Very sad if the ATF gets caught recycling an earlier siezure.
It sounds like someone just found a geocache more than anything else.
Could also be some radical Brownies getting ready for a coup against the Utah Girl Scouts . . .
If you're serious, go jump in your bunker and eat those beans you've been saving since the millenium scares. See you next year. I'll tape Gunsmoke for you.
I cant think that Ive ever mis-placed any of my
handguns, rifles, or even ammo, but if I
were going to get something inside a security perimeter
would I try the week of the event when theres 5000
military and who knows how many SS?
or the previous summer when hikers, campers, and boaters
abound and if its discovered who knows what
Can it be dismissed so easily?
"We have used it to take out a large truck," Groves said. "One shot will blow an engine block away. "You can"t carry it by hand. You have to lay it down to fire it." Inside the weather-proof container, which was found on top of mice nests in the snow in a batch of sage brush, were sealed boxes containing 386 rounds of .50-caliber ammunition. Some of the ammunition was linked together, similar to machine gun rounds, the report said.
Here's the propaganda part of the article.
The more I think about it, the more it sounds too pat:
If it was stashed for someone to use later, it would have been covered up, even buried, you'd think.

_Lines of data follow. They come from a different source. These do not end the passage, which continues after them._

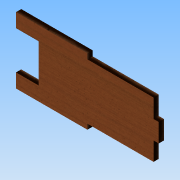
# Autodesk Inventor part: bottom2
Saved by Autodesk Inventor 2015 (Build 190159000, 159)
## iProperties
Created: 2015-12-28
Part Number: bottom2
Material: Générique
Document SubType Name: Modeling
Designer: Gregwar
Density: 1 g/cm^3
Appearance: Par défaut
Author: Gregwar
Autodesk Inventor part; units mm, degrees
ref_plane "YZ Plane" through (0, 0, 0) normal (1, 0, 0) x (0, 1, 0)
ref_plane "XZ Plane" through (0, 0, 0) normal (0, 1, 0) x (-1, 0, 0)
ref_plane "XY Plane" through (0, 0, 0) normal (0, 0, 1) x (1, 0, 0)
sketch "Esquisse1" plane through (0, 0, 0) normal (0, 1, 0) x (-1, 0, 0)
  line L0 (0, 0) -> (76, 0)
  line L1 (76, 0) -> (76, -32)
  line L2 (76, -32) -> (0, -32)
  line L3 (0, -32) -> (0, 0)
  dimension "d0" = 32
  dimension "d1" = 76
  constraints: 8 end point, 2 parallel, 1 horizontal, 1 perpendicular
  measures "d0" distance of L2.end L0.start
  measures "d1" distance of L0.start L0.end
extrude "Extrusion1" add sketch "Esquisse1" along normal blind 3
sketch "Esquisse2" plane through (0, 3, 0) normal (0, 1, 0) x (1, 0, 0)
  line L0 (-76, 0) -> (0, 0) projected
  line L1 (0, 0) -> (0, 32) projected
  line L2 (0, 32) -> (-76, 32) projected
  line L3 (-76, 32) -> (-76, 0) projected
  line L4 (-76, 0) -> (-79, 0)
  line L5 (-79, 0) -> (-79, 10.6667)
  line L6 (-79, 10.6667) -> (-76, 10.6667)
  line L7 (-76, 10.6667) -> (-76, 0)
  line L8 (-76, 16) -> (-93.4879, 16) construction
  line L9 (-76, 32) -> (0, 32)
  line L10 (-76, 0) -> (-76, 32)
  line L11 (-76, 32) -> (-79, 32)
  line L12 (-79, 32) -> (-79, 21.3333)
  line L13 (-79, 21.3333) -> (-76, 21.3333)
  line L14 (-76, 21.3333) -> (-76, 32)
  line L15 (-76, 0) -> (-38, 0)
  line L16 (-38, 0) -> (-38, -3)
  line L17 (-38, -3) -> (-76, -3)
  line L18 (-76, -3) -> (-76, 0)
  line L19 (-76, 32) -> (-38, 32)
  line L20 (-38, 32) -> (-38, 35)
  line L21 (-38, 35) -> (-76, 35)
  line L22 (-76, 35) -> (-76, 32)
  line L23 (-76, 0) -> (-79, 0)
  line L24 (-79, 0) -> (-79, -3)
  line L25 (-79, -3) -> (-76, -3)
  line L26 (-76, -3) -> (-76, 0)
  line L27 (-76, 32) -> (-79, 32)
  line L28 (-79, 32) -> (-79, 35)
  line L29 (-79, 35) -> (-76, 35)
  line L30 (-76, 35) -> (-76, 32)
  dimension "d4" = 32
  dimension "d5" = 3
  dimension "d6" = 10.6667
  dimension "d9" = 76
  dimension "d10" = 38
  dimension "d11" = 3
  constraints: 54 end point, 10 symmetric about line, 8 parallel, 5 horizontal, 4 perpendicular, 2 point on line, 1 midpoint
  measures "d4" distance of L2.end L0.start
  measures "d5" distance of L0.start L4.end
  measures "d6" distance of L4.end L5.end
  measures "d9" distance of L0.start L0.end
  measures "d10" distance of L16.end L17.end
  measures "d11" distance of L17.end L10.start
extrude "Extrusion2" add sketch "Esquisse2" against normal blind 3 contours L0 L16 L17 L18 | L22 L21 L20 L2
sketch "Esquisse6" plane through (0, 0, 0) normal (0, -1, 0) x (1, 0, 0)
  line L0 (0, 0) -> (-38, 0) projected
  line L1 (-38, 0) -> (-38, 3) projected
  line L2 (-38, 3) -> (-76, 3) projected
  line L3 (-76, -35) -> (-38, -35) projected
  line L4 (-38, -35) -> (-38, -32) projected
  line L5 (-38, -32) -> (0, -32) projected
  line L6 (0, -32) -> (0, 0) projected
  line L7 (3, -10.6667) -> (0, -10.6667)
  line L8 (0, -10.6667) -> (0, -21.3333)
  line L9 (0, -21.3333) -> (3, -21.3333)
  line L10 (3, -21.3333) -> (3, -10.6667)
  line L11 (-76, 3) -> (-76, -35) projected
  point P0 (0, -16)
  dimension "d19" = 3
  dimension "d20" = 32
  dimension "d21" = 10.6667
  constraints: 8 end point, 2 midpoint, 2 parallel, 1 horizontal, 1 perpendicular
  measures "d19" distance of L7.start L7.end
  measures "d20" distance of L5.end L0.start
  measures "d21" distance of L9.end L7.start
extrude "Extrusion5" add sketch "Esquisse6" against normal blind 3 contours L7 L10 L9 L6
sketch "Esquisse7" plane through (0, 0, 0) normal (0, -1, 0) x (1, 0, 0)
  line L0 (0, 0) -> (-38, 0) projected
  line L1 (-38, 0) -> (-38, 3) projected
  line L2 (-38, 3) -> (-76, 3) projected
  line L3 (-76, -35) -> (-38, -35) projected
  line L4 (-38, -35) -> (-38, -32) projected
  line L5 (-38, -32) -> (0, -32) projected
  line L6 (0, -32) -> (0, -21.3333) projected
  line L7 (0, -21.3333) -> (3, -21.3333) projected
  line L8 (3, -21.3333) -> (3, -10.6667) projected
  line L9 (3, -10.6667) -> (0, -10.6667) projected
  line L10 (0, -10.6667) -> (0, 0) projected
  line L11 (-76, 0) -> (-79, 0)
  line L12 (-79, 0) -> (-79, 3)
  line L13 (-79, 3) -> (-76, 3)
  line L14 (-76, 3) -> (-76, 0)
  line L15 (-76, -32) -> (-79, -32)
  line L16 (-79, -32) -> (-79, -35)
  line L17 (-79, -35) -> (-76, -35)
  line L18 (-76, -35) -> (-76, -32)
  line L19 (-76, 3) -> (-76, -35) projected
  constraints: 16 end point, 4 parallel, 2 horizontal, 2 perpendicular
extrude "Extrusion6" add sketch "Esquisse7" against normal blind 3 contours L14 L11 L12 L13 | L18 L17 L16 L15
sketch "Esquisse8" plane through (0, 0, 0) normal (0, -1, 0) x (1, 0, 0)
  line L0 (0, 0) -> (-38, 0) projected
  line L1 (-38, 0) -> (-38, 3) projected
  line L2 (-38, 3) -> (-79, 3) projected
  line L3 (-79, 3) -> (-79, 0) projected
  line L4 (-79, 0) -> (-76, 0) projected
  line L5 (-76, 0) -> (-76, -32) projected
  line L6 (-76, -32) -> (-79, -32) projected
  line L7 (-79, -32) -> (-79, -35) projected
  line L8 (-79, -35) -> (-38, -35) projected
  line L9 (-38, -35) -> (-38, -32) projected
  line L10 (-38, -32) -> (0, -32) projected
  line L11 (0, -32) -> (0, -21.3333) projected
  line L12 (0, -21.3333) -> (3, -21.3333) projected
  line L13 (3, -21.3333) -> (3, -10.6667) projected
  line L14 (3, -10.6667) -> (0, -10.6667) projected
  line L15 (0, -10.6667) -> (0, 0) projected
  line L16 (-76, 0) -> (-76, -32) projected
  line L17 (-76, -5) -> (-66, -5)
  line L18 (-66, -5) -> (-66, -27)
  line L19 (-66, -27) -> (-76, -27)
  line L20 (-76, -27) -> (-76, -5)
  line L21 (-76, -16) -> (-66, -16) construction
  line L22 (-76, -16) -> (3, -16) construction
  line L23 (3, -10.6667) -> (3, -21.3333) construction
  dimension "d26" = 10
  dimension "d27" = 22
  constraints: 12 end point, 4 midpoint, 2 parallel, 1 collinear, 1 horizontal, 1 perpendicular, 1 point on line
  measures "d26" distance of L17.start L17.end
  measures "d27" distance of L17.end L18.end
extrude "Extrusion7" cut sketch "Esquisse8" against normal through all contours L17 L18 L19 L5
sketch "Esquisse9" plane through (0, 0, 0) normal (0, -1, 0) x (1, 0, 0)
  line L0 (-66, -27) -> (-76, -27) projected
  line L1 (-76, -27) -> (-76, -32) projected
  line L2 (-76, -32) -> (-79, -32) projected
  line L3 (-79, -32) -> (-79, -35) projected
  line L4 (-79, -35) -> (-38, -35) projected
  line L5 (-38, -35) -> (-38, -32) projected
  line L6 (-38, -32) -> (0, -32) projected
  line L7 (0, -32) -> (0, -21.3333) projected
  line L8 (0, -21.3333) -> (3, -21.3333) projected
  line L9 (3, -21.3333) -> (3, -10.6667) projected
  line L10 (3, -10.6667) -> (0, -10.6667) projected
  line L11 (0, -10.6667) -> (0, 0) projected
  line L12 (0, 0) -> (-38, 0) projected
  line L13 (-38, 0) -> (-38, 3) projected
  line L14 (-38, 3) -> (-79, 3) projected
  line L15 (-79, 3) -> (-79, 0) projected
  line L16 (-79, 0) -> (-76, 0) projected
  line L17 (-76, 0) -> (-76, -5) projected
  line L18 (-76, -5) -> (-66, -5) projected
  line L19 (-66, -5) -> (-66, -27) projected
  line L20 (-76, 0) -> (-79, 0)
  line L21 (-79, 0) -> (-79, -5)
  line L22 (-79, -5) -> (-76, -5)
  line L23 (-76, -5) -> (-76, 0)
  line L24 (-76, -32) -> (-79, -32)
  line L25 (-79, -32) -> (-79, -27)
  line L26 (-79, -27) -> (-76, -27)
  line L27 (-76, -27) -> (-76, -32)
  constraints: 16 end point, 4 parallel, 2 horizontal, 2 perpendicular
extrude "Extrusion8" add sketch "Esquisse9" against normal blind 3 contours L1 L2 L25 L26 | L22 L21 L16 L17
equation "\"d6\" = 0.333333 * d4"
equation "\"d10\" = 0.5 * d9"
equation "\"d21\" = 0.333333 * d20"

If some sand monkey was going to use it, according the the report he would have to hump the weapon and ammo - easily more than 100 pounds, another four miles cross-country to get within range of the nearest sports venue. Sounds like a not very well thought out plan.
If a real good-ol-boy sheep farmer out to drop a few coyotes found it, he would probably fist look around to see if he could follow some tracks and find out who leaves such stuff laying around, and then he would take it home and maybe take out of ad to see if someone claims it.
If this is close enough to Olympic venues to worry about this 50 cal., what about the dude shooting coyotes? Why is hunting going on so close to a secured area?